# Call of Duty 4:excellent fps game i have ever played.



## quan chi (Jul 24, 2008)

*hi friends.

well i have not played the other versions of the call of duty series.but after finishing this one i think this was really an excellent fps game.

i have also played some other fps games.but this one according to me is the best.

you wont feel bored even for a second when you are playing this game.

and the climax is also excellent the way you kill imran zakhev

the things i liked about this game.

1.nice storyline.
2.very good graphics.
3.very good climax.
4.good sound effects.
5.wont let you get bored.

the game might be short.but is worth playing.

well i liked it more than the far cry.

guys are there any other fps games like this??if yes then please do mention. *


----------



## vamsi_krishna (Jul 24, 2008)

yep! all hail CALL OF DUTY. I'ven't played COD4 coz, i am not having a rig supporting that and i am not having ps3 or xbox. But i've played call of duty 2 and call of duty 3 in playstation 2 and it rocks. 

                         I think farcry has little edge than that of the call of duty in many aspects. But that's my opinion. And i will respect yours too.


----------



## Indyan (Jul 25, 2008)

I have played all COD games released for the pc (including the exp pack) and loved each and every one of them. COD1 and COD4 are the best though.


----------



## shantanu (Jul 25, 2008)

I love the sniper level  i have kept the game installed and play the very same level again and again ! it simply rocks


----------



## Ethan_Hunt (Jul 25, 2008)

Hands down the best & the most visually cinematic game in the entire Call Of Duty series.The game felt like I was in a futuristic movie & every cut-scene kept you involved in it.Truly an excellent game.


----------



## Arsenal_Gunners (Jul 25, 2008)

I find COD 1 to be slightly better than COD 4


----------



## Ethan_Hunt (Jul 25, 2008)

^In terms of the intensity yes I have to agree too.When I first played Call of Duty & the storyline which was explained was done in an excellent manner.The gameplay was fluid & the battle scene were very intense.Something which even the Medal Of Honor games didn't match up to as well.But with all said & done,  COD 4 just gave a fresh switch from the mundane WWII pattern to a good modern warfare which looked & felt great.


----------



## Faun (Jul 25, 2008)

there is nothing better in story compared to S.T.A.L.K.E.R 
There are lot of sniping moments too there


----------



## Ethan_Hunt (Jul 25, 2008)

I hate S.T.A.L.K.E.R for some reason.May be it's the FPS+RPG mesh thingy.


----------



## Faun (Jul 25, 2008)

Yeah may be you found it to be slow and never cared to play a bit till it gets friggin interesting and intense.
Oh and did I tell ya it was not into some American developers hand 
A Ukrainian + Russian feel to the game

NOTE: I too hate RPG but this is the one that rocks


----------



## The_Devil_Himself (Jul 25, 2008)

yea,COD1 is really nice(never played COD4 cus my crad still doesn't work,)

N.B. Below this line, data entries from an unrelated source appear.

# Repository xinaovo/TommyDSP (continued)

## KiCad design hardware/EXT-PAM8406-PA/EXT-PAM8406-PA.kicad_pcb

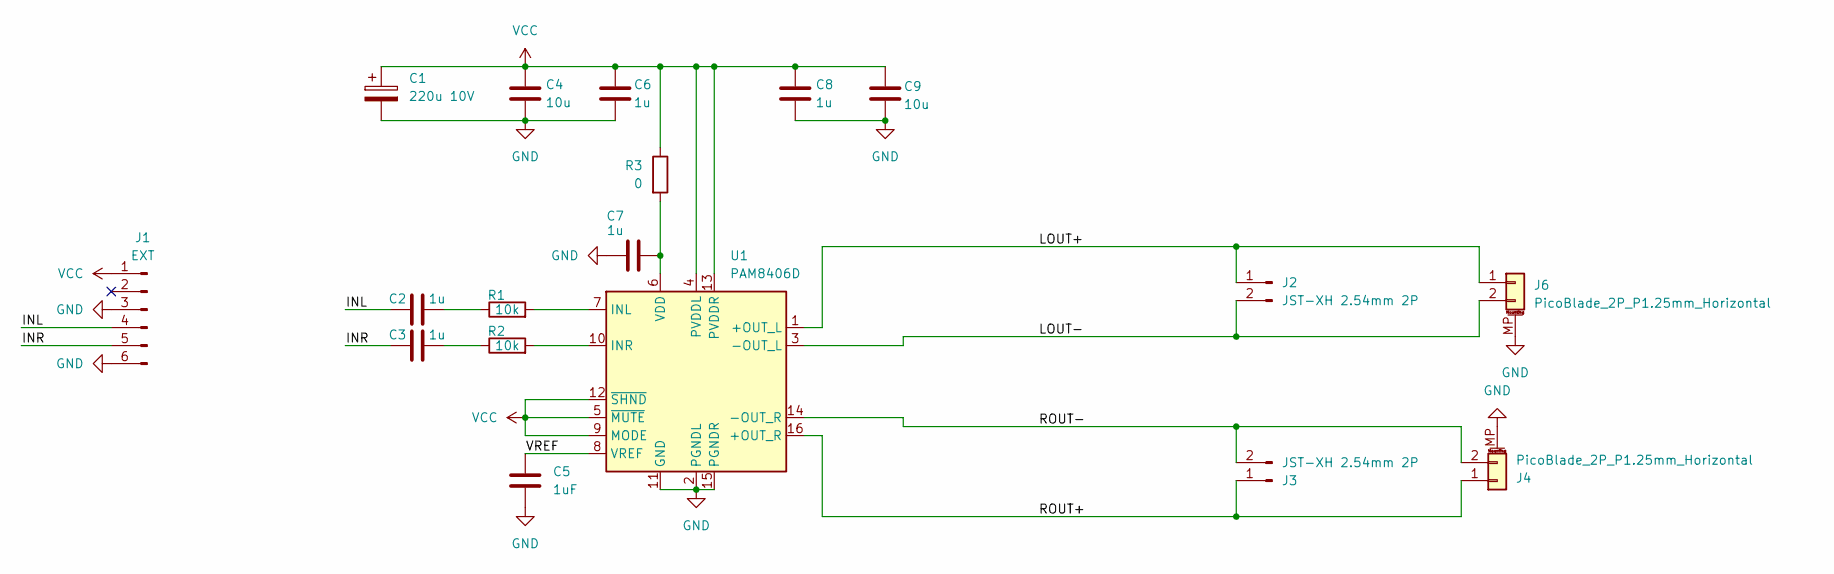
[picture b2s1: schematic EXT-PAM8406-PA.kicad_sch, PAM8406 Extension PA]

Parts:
C1: 220u 10V; C_Radial_D6.3mm_H7.0mm_P2.50mm
C2, C3, C6, C7, C8: 1u; C_0603_1608Metric
C4, C9: 10u; C_0603_1608Metric
C5: 1uF; C_0603_1608Metric
J1: EXT; JST_XH_S6B-XH-A-1_1x06_P2.50mm_Horizontal
J2, J3: JST-XH 2.54mm 2P; JST_XH_S2B-XH-A_1x02_P2.50mm_Horizontal
J4, J6: PicoBlade_2P_P1.25mm_Horizontal; Molex_PicoBlade_53261-0271_1x02-1MP_P1.25mm_Horizontal
R1, R2: 10k; R_0603_1608Metric
R3: 0; R_0603_1608Metric
U1: PAM8406D; SOIC-16_3.9x9.9mm_P1.27mm

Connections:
/INL: C2.1, J1.4
/INR: C3.1, J1.5
/LOUT+: J2.1, J6.1, U1.1 (+OUT_L)
/LOUT-: J2.2, J6.2, U1.3 (-OUT_L)
/ROUT+: J3.1, J4.1, U1.16 (+OUT_R)
/ROUT-: J3.2, J4.2, U1.14 (-OUT_R)
/VREF: C5.1, U1.8 (VREF)
GND: C1.2, C4.2, C5.2, C6.2, C7.1, C8.2, C9.2, J1.3, J1.6, J4.MP (MountPin), J6.MP (MountPin), U1.2 (PGNDL), U1.11 (GND), U1.15 (PGNDR)
unnamed: C2.2, R1.1
unnamed: C3.2, R2.1
unnamed: R1.2, U1.7 (INL)
unnamed: R2.2, U1.10 (INR)
unnamed: C7.2, R3.2, U1.6 (VDD)
VCC: C1.1, C4.1, C6.1, C8.1, C9.1, J1.1, R3.1, U1.4 (PVDDL), U1.5 (~MUTE), U1.9 (MODE), U1.12 (~SHND), U1.13 (PVDDR)

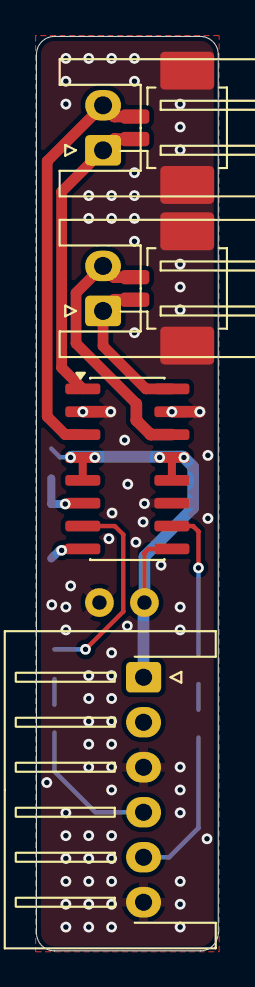
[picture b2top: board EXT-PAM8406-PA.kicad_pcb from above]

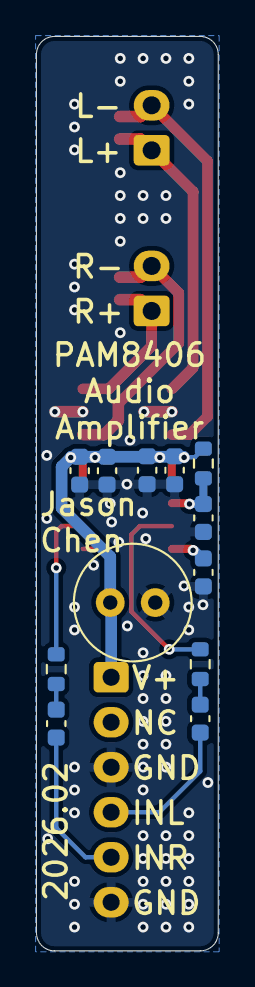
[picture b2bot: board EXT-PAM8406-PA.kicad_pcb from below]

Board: 2 copper layers, 10.1 x 50.8 mm, 18 parts (12 on the bottom side), 14 nets.

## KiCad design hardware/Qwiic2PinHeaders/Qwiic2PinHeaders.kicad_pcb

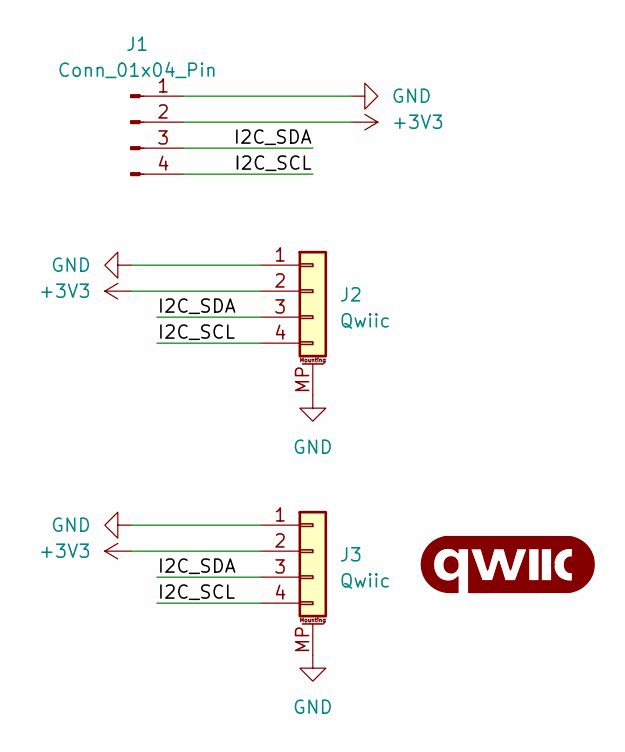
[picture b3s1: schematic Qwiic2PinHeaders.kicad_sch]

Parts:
G1: qwiic_Logo; qwiic_5.5mm
J1: Conn_01x04_Pin; PinHeader_1x04_P2.54mm_Vertical
J2, J3: Qwiic; JST_SH_SM04B-SRSS-TB_1x04-1MP_P1.00mm_Horizontal

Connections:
+3V3: J1.2, J2.2, J3.2
/I2C_SCL: J1.4, J2.4, J3.4
/I2C_SDA: J1.3, J2.3, J3.3
GND: J1.1, J2.1, J2.MP (MountPin), J3.1, J3.MP (MountPin)

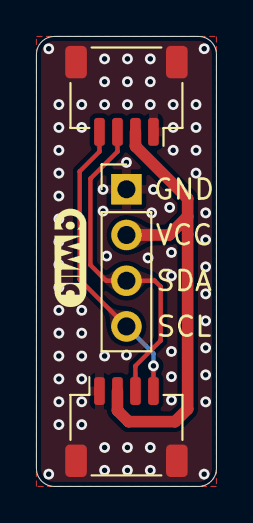
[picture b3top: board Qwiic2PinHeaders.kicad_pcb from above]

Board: 2 copper layers, 10.0 x 25.0 mm, 4 parts (0 on the bottom side), 4 nets.

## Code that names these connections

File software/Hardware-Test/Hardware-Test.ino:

#include <Adafruit_GFX.h>    // Core graphics library
#include <Adafruit_ST7735.h> // Hardware-specific library for ST7735
#include <SPI.h>

#define PIN_I2C_SCL 1
#define PIN_I2C_SDA 2

#define PIN_I2S_MCLK 7
#define PIN_I2S_BCLK 6
#define PIN_I2S_LRCK 5
#define PIN_I2S_DOUT 3
#define PIN_I2S_DIN 4

#define PIN_TFT_CS 9
#define PIN_TFT_DC 13
#define PIN_TFT_MOSI 11
#define PIN_TFT_SCK 10
#define PIN_TFT_RST 12
#define PIN_TFT_BL 8

#define PIN_SD_CLK_SCK 18
#define PIN_SD_CMD_MOSI 19
#define PIN_SD_DAT0_MISO 20
#define PIN_SD_DAT1 21
#define PIN_SD_DAT2 22
#define PIN_SD_DAT3_CS 23
#define PIN_SD_DET 24

#define PIN_PEDAL_1 14
#define PIN_PEDAL_2 15

#define PIN_ROTARY_ENCODER_CLK 16
#define PIN_ROTARY_ENCODER_DT 17
#define PIN_ROTARY_ENCODER_BUTTON 25

#define PIN_VBAT 26
#define PIN_KNOB_1 27
#define PIN_KNOB_2 28
#define PIN_KNOB_3 29

Adafruit_ST7735 tft = Adafruit_ST7735(&SPI1, PIN_TFT_CS, PIN_TFT_DC, PIN_TFT_RST);

void setup() {
  // put your setup code here, to run once:

  Serial.begin(9600);

  pinMode(PIN_PEDAL_1, INPUT);

  SPI1.setTX(PIN_TFT_MOSI);
  SPI1.setSCK(PIN_TFT_SCK);
  SPI1.setCS(PIN_TFT_CS);
  SPI1.setRX(NOPIN);
  tft.initR(INITR_BLACKTAB);      // Init ST7735S chip, black tab
  pinMode(PIN_TFT_BL, OUTPUT);
  digitalWrite(PIN_TFT_BL, HIGH); // Turn on LCD Backlight
  
}

void loop() {
  // put your main code here, to run repeatedly:
  lcd_test();
  // Serial.print("VBAT: ");
  // Serial.println(analogRead(PIN_VBAT), DEC);
  // Serial.print("KNOB1: ");
  // Serial.println(analogRead(PIN_KNOB_1), DEC);
  // Serial.print("KNOB2: ");
  // Serial.println(analogRead(PIN_KNOB_2), DEC);
  // Serial.print("KNOB3: ");
  // Serial.println(analogRead(PIN_KNOB_3), DEC);
  // delay(1000);
}

// LCD Test functions from AdafruitGFX examples
uint32_t i = 0;
void lcd_test(void){
  // tft print function!
  if(i % 100 == 0){
    tftPrintTest();
    delay(2000);
  }
  
  const uint16_t delay_time = 1;

  tft.fillScreen(ST77XX_BLACK);
  delay(delay_time);
  // large block of text
  tft.fillScreen(ST77XX_BLACK);
  testdrawtext("Lorem ipsum dolor sit amet, consectetur adipiscing elit. Curabitur adipiscing ante sed nibh tincidunt feugiat. Maecenas enim massa, fringilla sed malesuada et, malesuada sit amet turpis. Sed porttitor neque ut ante pretium vitae malesuada nunc bibendum. Nullam aliquet ultrices massa eu hendrerit. Ut sed nisi lorem. In vestibulum purus a tortor imperdiet posuere. ", ST77XX_WHITE);
  delay(delay_time);

  // a single pixel
  tft.drawPixel(tft.width()/2, tft.height()/2, ST77XX_GREEN);
  delay(delay_time);

  // line draw test
  testlines(ST77XX_YELLOW);
  delay(delay_time);

  // optimized lines
  testfastlines(ST77XX_RED, ST77XX_BLUE);
  delay(delay_time);

  testdrawrects(ST77XX_GREEN);
  delay(delay_time);

  testfillrects(ST77XX_YELLOW, ST77XX_MAGENTA);
  delay(delay_time);

  tft.fillScreen(ST77XX_BLACK);
  testfillcircles(10, ST77XX_BLUE);
  testdrawcircles(10, ST77XX_WHITE);
  delay(delay_time);

  testroundrects();
  delay(delay_time);

  testtriangles();
  delay(delay_time);

  i += 1;

}

void testlines(uint16_t color) {
  tft.fillScreen(ST77XX_BLACK);
  for (int16_t x=0; x < tft.width(); x+=6) {
    tft.drawLine(0, 0, x, tft.height()-1, color);
    delay(0);
  }
  for (int16_t y=0; y < tft.height(); y+=6) {
    tft.drawLine(0, 0, tft.width()-1, y, color);
    delay(0);
  }

  tft.fillScreen(ST77XX_BLACK);
  for (int16_t x=0; x < tft.width(); x+=6) {
    tft.drawLine(tft.width()-1, 0, x, tft.height()-1, color);
    delay(0);
  }
  for (int16_t y=0; y < tft.height(); y+=6) {
    tft.drawLine(tft.width()-1, 0, 0, y, color);
    delay(0);
  }

  tft.fillScreen(ST77XX_BLACK);
  for (int16_t x=0; x < tft.width(); x+=6) {
    tft.drawLine(0, tft.height()-1, x, 0, color);
    delay(0);
  }
  for (int16_t y=0; y < tft.height(); y+=6) {
    tft.drawLine(0, tft.height()-1, tft.width()-1, y, color);
    delay(0);
  }

  tft.fillScreen(ST77XX_BLACK);
  for (int16_t x=0; x < tft.width(); x+=6) {
    tft.drawLine(tft.width()-1, tft.height()-1, x, 0, color);
    delay(0);
  }
  for (int16_t y=0; y < tft.height(); y+=6) {
    tft.drawLine(tft.width()-1, tft.height()-1, 0, y, color);
    delay(0);
  }
}

void testdrawtext(char *text, uint16_t color) {
  tft.setCursor(0, 0);
  tft.setTextColor(color);
  tft.setTextWrap(true);
  tft.print(text);
}

void testfastlines(uint16_t color1, uint16_t color2) {
  tft.fillScreen(ST77XX_BLACK);
  for (int16_t y=0; y < tft.height(); y+=5) {
    tft.drawFastHLine(0, y, tft.width(), color1);
  }
  for (int16_t x=0; x < tft.width(); x+=5) {
    tft.drawFastVLine(x, 0, tft.height(), color2);
  }
}

void testdrawrects(uint16_t color) {
  tft.fillScreen(ST77XX_BLACK);
  for (int16_t x=0; x < tft.width(); x+=6) {
    tft.drawRect(tft.width()/2 -x/2, tft.height()/2 -x/2 , x, x, color);
  }
}

void testfillrects(uint16_t color1, uint16_t color2) {
  tft.fillScreen(ST77XX_BLACK);
  for (int16_t x=tft.width()-1; x > 6; x-=6) {
    tft.fillRect(tft.width()/2 -x/2, tft.height()/2 -x/2 , x, x, color1);
    tft.drawRect(tft.width()/2 -x/2, tft.height()/2 -x/2 , x, x, color2);
  }
}

void testfillcircles(uint8_t radius, uint16_t color) {
  for (int16_t x=radius; x < tft.width(); x+=radius*2) {
    for (int16_t y=radius; y < tft.height(); y+=radius*2) {
      tft.fillCircle(x, y, radius, color);
    }
  }
}

void testdrawcircles(uint8_t radius, uint16_t color) {
  for (int16_t x=0; x < tft.width()+radius; x+=radius*2) {
    for (int16_t y=0; y < tft.height()+radius; y+=radius*2) {
      tft.drawCircle(x, y, radius, color);
    }
  }
}

void testtriangles() {
  tft.fillScreen(ST77XX_BLACK);
  uint16_t color = 0xF800;
  int t;
  int w = tft.width()/2;
  int x = tft.height()-1;
  int y = 0;
  int z = tft.width();
  for(t = 0 ; t <= 15; t++) {
    tft.drawTriangle(w, y, y, x, z, x, color);
    x-=4;
    y+=4;
    z-=4;
    color+=100;
  }
}

void testroundrects() {
  tft.fillScreen(ST77XX_BLACK);
  uint16_t color = 100;
  int i;
  int t;
  for(t = 0 ; t <= 4; t+=1) {
    int x = 0;
    int y = 0;
    int w = tft.width()-2;
    int h = tft.height()-2;
    for(i = 0 ; i <= 16; i+=1) {
      tft.drawRoundRect(x, y, w, h, 5, color);
      x+=2;
      y+=3;
      w-=4;
      h-=6;
      color+=1100;
    }
    color+=100;
  }
}

void tftPrintTest() {
  const float p = 3.1415926;
  tft.setTextWrap(false);
  tft.fillScreen(ST77XX_BLACK);
  tft.setCursor(0, 30);
  tft.setTextColor(ST77XX_RED);
  tft.setTextSize(1);
  tft.println("Hello World!");
  tft.setTextColor(ST77XX_YELLOW);
  tft.setTextSize(2);
  tft.println("Hello World!");
  tft.setTextColor(ST77XX_GREEN);
  tft.setTextSize(3);
  tft.println("Hello World!");
  tft.setTextColor(ST77XX_BLUE);
  tft.setTextSize(4);
  tft.print(1234.567);
  delay(1500);
  tft.setCursor(0, 0);
  tft.fillScreen(ST77XX_BLACK);
  tft.setTextColor(ST77XX_WHITE);
  tft.setTextSize(0);
  tft.println("Hello World!");
  tft.setTextSize(1);
  tft.setTextColor(ST77XX_GREEN);
  tft.print(p, 6);
  tft.println(" Want pi?");
  tft.println(" ");
  tft.print(8675309, HEX); // print 8,675,309 out in HEX!
  tft.println(" Print HEX!");
  tft.println(" ");
  tft.setTextColor(ST77XX_WHITE);
  tft.println("Sketch has been");
  tft.println("running for: ");
  tft.setTextColor(ST77XX_MAGENTA);
  tft.print(millis() / 1000);
  tft.setTextColor(ST77XX_WHITE);
  tft.print(" seconds.");
}

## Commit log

2026-01-31 add Microcontroller circuit
2026-02-06 add demo sketches, DAC works now but MIC doesn't work
2026-02-09 misc: update .gitignore
2026-02-10 hardware: finished PCB routing
2026-02-11 hardware: finalize PCB design
2026-02-11 hardware: minor silkscreen text adjustments
2026-02-12 hardware: fix incorrect audio jack symbol
2026-02-12 hardware: minor tweaks
2026-02-13 hardware: adjust value of BUCK feedback resistors
2026-02-13 software: add loopback demo
2026-02-13 hardware: add compatibility for WM8988 CODEC
2026-02-13 hardware: modified audio page notes
2026-02-16 hardware: add PAM8406 audio amplifier board
2026-02-16 hardware: add Quiic2PinHeaders
2026-02-16 hardware: add USON2SOIC-8
2026-02-16 hardware: change cooper pour thermal relief settings for Qwiic2PinHeaders
2026-02-27 hardware: add misc project files
2026-02-27 software: add delay effect demo
2026-02-27 software: add pitch shift effect demo
2026-02-27 software: add custom frequency-modulation-like pitch shift effect demo
2026-02-27 software: minor change to I2S loopback demo
2026-03-06 minor PCB optimization
2026-03-06 software: add ST7735 1.8' LCD Demo
2026-03-06 Create dynamic audio stream class rewrite?
2026-03-12 add pitch shifting recorder
2026-03-13 add SkeakingTom sketch
2026-03-13 sync local tree
2026-04-24 bump to KiCad V10, add logo

But probably the best FPS I ever played would be RTCW,simply amazing!


----------



## Arsenal_Gunners (Jul 25, 2008)

RTCW was one of the first games I played on my PC,it has got a special place in my heart(and HDD)


----------



## amrawtanshx (Jul 25, 2008)

shantanu said:


> I love the sniper level  i have kept the game installed and play the very same level again and again ! it simply rocks



Ya...I too frequently play that level..
'All Ghillied Up'


----------



## Faun (Jul 25, 2008)

Heinrich you must die !!!


----------



## Indyan (Jul 25, 2008)

shantanu said:


> I love the sniper level  i have kept the game installed and play the very same level again and again ! it simply rocks



That entire flashback saga is awesome.
The sniper level is definitely the best part, but after that I also enjoyed the part where you take cover and defend yourself from re-inforcements. That's one of the longest battles in COD4. They probably sent in a hundred reinforcement.


----------



## Arsenal_Gunners (Jul 25, 2008)

If you want a real fight just disturb the dog in that level and get attacked by dozens of them.


----------



## shantanu (Jul 25, 2008)

oh man ! got to do it again ! lol ! never played STALKER ! is it really playable ? and what was RCTW ? maybe i forgot 

EDIT : got it now  rerturn to castle wolfstein  amazing game that was


----------



## quan chi (Jul 25, 2008)

*well the reasons behind the success of call of duty 4 according to me is.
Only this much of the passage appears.